Источник

23/VI. 1971 г.

Вижу, что о Руке мы с Вами пока не договорились. Я совершенно определенно вижу, что никто еще (ни из поэтов, ни из живописцев) не изобразил руки человека. Вы видите Руку нравственно-эстетически, гуманистически; Дюрер, может быть, проникает дальше, в своем видении Руки... Но все это не то, не главное, не самое глубокое. Вот отчего я и говорю, что никто, никто еще в искусстве не изобразил Руку, и я, может быть, менее всего, так как я и не пытался изображать руку. Я только сказал, что рука человека в этом мире неизобразима... Руку распинают – и «в холодный гроб кладут потом». И Вы, полагая, что как то изобразили Руку человека, тоже ее положили «в холодный гроб» психо-физической реальности мира сего. Она еще у Вас «в гробу» лежит, Рука. У Дюрера она, может быть, еле-еле шевелится в гробу, а у Микель Анжело даже не думаю, чтобы шевелилась», а так пышно цветет в саду прекрасностей этого временного мира... Мы о разном говорим, но Ваша поэтическая речь более «удобна», более звучна и гладка. И я не отрицаю законности этого красивого, гладкого и звонкого. Я только убежден, что Руку Вы еще не увидели, а я ее чуть только подсматриваю верой, а не видением. Но изобразить в словах ее не могу. Это вроде как апофатическое богословие о Руке...

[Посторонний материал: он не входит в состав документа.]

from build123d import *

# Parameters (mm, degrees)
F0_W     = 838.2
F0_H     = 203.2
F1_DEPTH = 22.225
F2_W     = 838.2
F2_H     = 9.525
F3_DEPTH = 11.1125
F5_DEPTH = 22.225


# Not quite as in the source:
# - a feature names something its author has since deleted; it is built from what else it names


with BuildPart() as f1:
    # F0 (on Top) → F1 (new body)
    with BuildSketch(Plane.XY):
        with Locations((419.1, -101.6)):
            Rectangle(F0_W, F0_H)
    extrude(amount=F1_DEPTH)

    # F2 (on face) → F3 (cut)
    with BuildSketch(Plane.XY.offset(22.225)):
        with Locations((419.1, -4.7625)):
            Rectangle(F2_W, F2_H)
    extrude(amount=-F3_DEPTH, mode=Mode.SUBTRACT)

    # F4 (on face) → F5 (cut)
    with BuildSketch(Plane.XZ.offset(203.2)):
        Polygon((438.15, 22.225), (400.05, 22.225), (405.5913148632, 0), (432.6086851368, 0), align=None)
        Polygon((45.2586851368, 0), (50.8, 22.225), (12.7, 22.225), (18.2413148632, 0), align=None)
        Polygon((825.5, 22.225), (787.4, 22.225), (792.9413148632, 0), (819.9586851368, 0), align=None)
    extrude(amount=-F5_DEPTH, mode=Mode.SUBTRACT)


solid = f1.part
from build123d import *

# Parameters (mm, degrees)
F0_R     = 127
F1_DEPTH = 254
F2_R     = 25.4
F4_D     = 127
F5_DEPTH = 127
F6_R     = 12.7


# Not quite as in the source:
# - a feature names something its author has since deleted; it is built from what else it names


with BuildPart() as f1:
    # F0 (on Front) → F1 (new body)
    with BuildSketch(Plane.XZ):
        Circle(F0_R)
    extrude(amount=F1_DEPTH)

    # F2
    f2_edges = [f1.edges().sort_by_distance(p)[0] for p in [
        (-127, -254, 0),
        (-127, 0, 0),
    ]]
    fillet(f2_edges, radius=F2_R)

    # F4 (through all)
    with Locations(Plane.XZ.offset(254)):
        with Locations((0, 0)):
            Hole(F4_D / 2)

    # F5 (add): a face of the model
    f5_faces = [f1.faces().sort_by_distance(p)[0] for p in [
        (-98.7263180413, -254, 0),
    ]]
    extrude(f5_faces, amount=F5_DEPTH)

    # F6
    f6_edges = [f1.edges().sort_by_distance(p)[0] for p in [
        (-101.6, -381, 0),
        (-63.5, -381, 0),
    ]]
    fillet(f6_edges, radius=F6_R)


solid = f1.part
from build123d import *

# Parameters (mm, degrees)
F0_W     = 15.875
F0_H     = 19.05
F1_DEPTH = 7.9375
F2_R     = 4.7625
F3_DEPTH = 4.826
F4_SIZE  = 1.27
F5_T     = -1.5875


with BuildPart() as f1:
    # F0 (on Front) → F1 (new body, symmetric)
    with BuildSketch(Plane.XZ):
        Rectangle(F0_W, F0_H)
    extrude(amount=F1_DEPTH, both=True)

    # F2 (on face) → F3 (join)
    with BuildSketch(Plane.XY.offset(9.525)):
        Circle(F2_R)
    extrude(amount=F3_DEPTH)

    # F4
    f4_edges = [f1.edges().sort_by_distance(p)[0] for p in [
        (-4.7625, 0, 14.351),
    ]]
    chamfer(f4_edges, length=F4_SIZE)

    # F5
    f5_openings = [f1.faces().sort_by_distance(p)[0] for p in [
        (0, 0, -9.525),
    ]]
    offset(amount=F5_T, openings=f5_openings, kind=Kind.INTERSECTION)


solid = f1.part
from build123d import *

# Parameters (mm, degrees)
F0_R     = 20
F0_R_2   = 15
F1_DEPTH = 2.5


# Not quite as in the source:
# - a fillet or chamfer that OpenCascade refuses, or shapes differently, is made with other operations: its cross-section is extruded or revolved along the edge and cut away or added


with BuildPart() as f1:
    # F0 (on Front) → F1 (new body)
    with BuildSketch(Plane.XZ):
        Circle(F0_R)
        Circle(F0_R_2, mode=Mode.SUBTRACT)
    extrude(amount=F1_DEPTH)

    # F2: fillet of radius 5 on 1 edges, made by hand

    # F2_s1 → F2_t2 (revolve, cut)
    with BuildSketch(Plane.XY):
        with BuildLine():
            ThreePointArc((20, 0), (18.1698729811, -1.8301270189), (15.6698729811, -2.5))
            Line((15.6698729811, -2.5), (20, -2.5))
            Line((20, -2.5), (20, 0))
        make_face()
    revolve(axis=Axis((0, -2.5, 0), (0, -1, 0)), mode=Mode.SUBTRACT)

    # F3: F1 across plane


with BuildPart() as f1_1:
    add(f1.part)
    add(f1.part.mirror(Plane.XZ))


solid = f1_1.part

Вы зря смущаетесь (и даже несколько возмущаетесь) вечером, устроенным И. Ч-у. Пусть поэтам устраивают вечера и чтения и разбор их творчества и в похвалу им говорят речи. Ведь поэзия этим все же чтится. А вкусы разные у людей... Пусть подумают люди, задумаются о Поэзии, потормошатся ею. Это не плохо, это хорошо. Это и честь языку... Ведь мы скудны поэтами, лириками, юродивыми лирическими (не всем быть благовоспитанными, как Вы). Я рад всякому уважению к Поэзии; а в истории всё подлинное, рано или поздно, отсеется, а все не такое ветром развеется, улетит. Оставьте это времени. И не желайте бесславия какому нибудь поэту, чья поэзия «ничего Вам не говорит» (или даже коробит Вас)... Вы, может быть, скажете, что мои взгляды слишком «пастырские» (к области Поэзии мало относящиеся)... Я не думаю, чтобы у меня и какое то великодушие христианское (или «гуманистическое», литературное) здесь было. Нет, просто хорошо, что еще устраивают «вечера поэтов», с чтением стихов и похвальными словами критиков. Пусть поэты к поэтам будут добры – слишком много в среде артистов и литераторов, и поэтов – бывает ревности, зависти, пристрастия, нетерпимости. Не последишь, в душе нашей легко зарождается, может быть, совсем тонкое и мало заметное, но ненужное чувство.

Буде воля Божия, в середине июля должен я отправиться в Европу на некоторое время с церковным поручением.

Рассмешили Вы меня предположением, что я сказал некую новость для «приятелей» наших, открыв им «инкогнито». Сделал же я это ради Вас, – чтобы слушатели мои там не сочли бы Вас «чужаком» (каким-нибудь голландцем или бельгийцем)... Для меня совершенно несомненно, что к «своим» там больше доверия, и будь я, например, Смитом или Шульцем, менее бы слушали меня и верили бы мне. А тут сами большевики раззвонили о том, кто я и усилили интерес к архиерею. Это все я знаю наверное и потому сказал о Вас то, что сказал. А раз Вы с опасным человеком общаетесь, терпите мужественно всю невыгоду этого.

Обнимаю Вас, привет и мир Осинкиной, балкону, цветам, небу Траунштейна – города русской поэзии.

Ваш † А. Иоанн.


Источник: Переписка с Кленовским / Архиепископ Иоанн Шаховской; ред. Р. Герра. – Париж : Б. и., 1981. 317 с., 2 л. ил. (VI том Собрания трудов Архиепископа Иоанна Шаховского).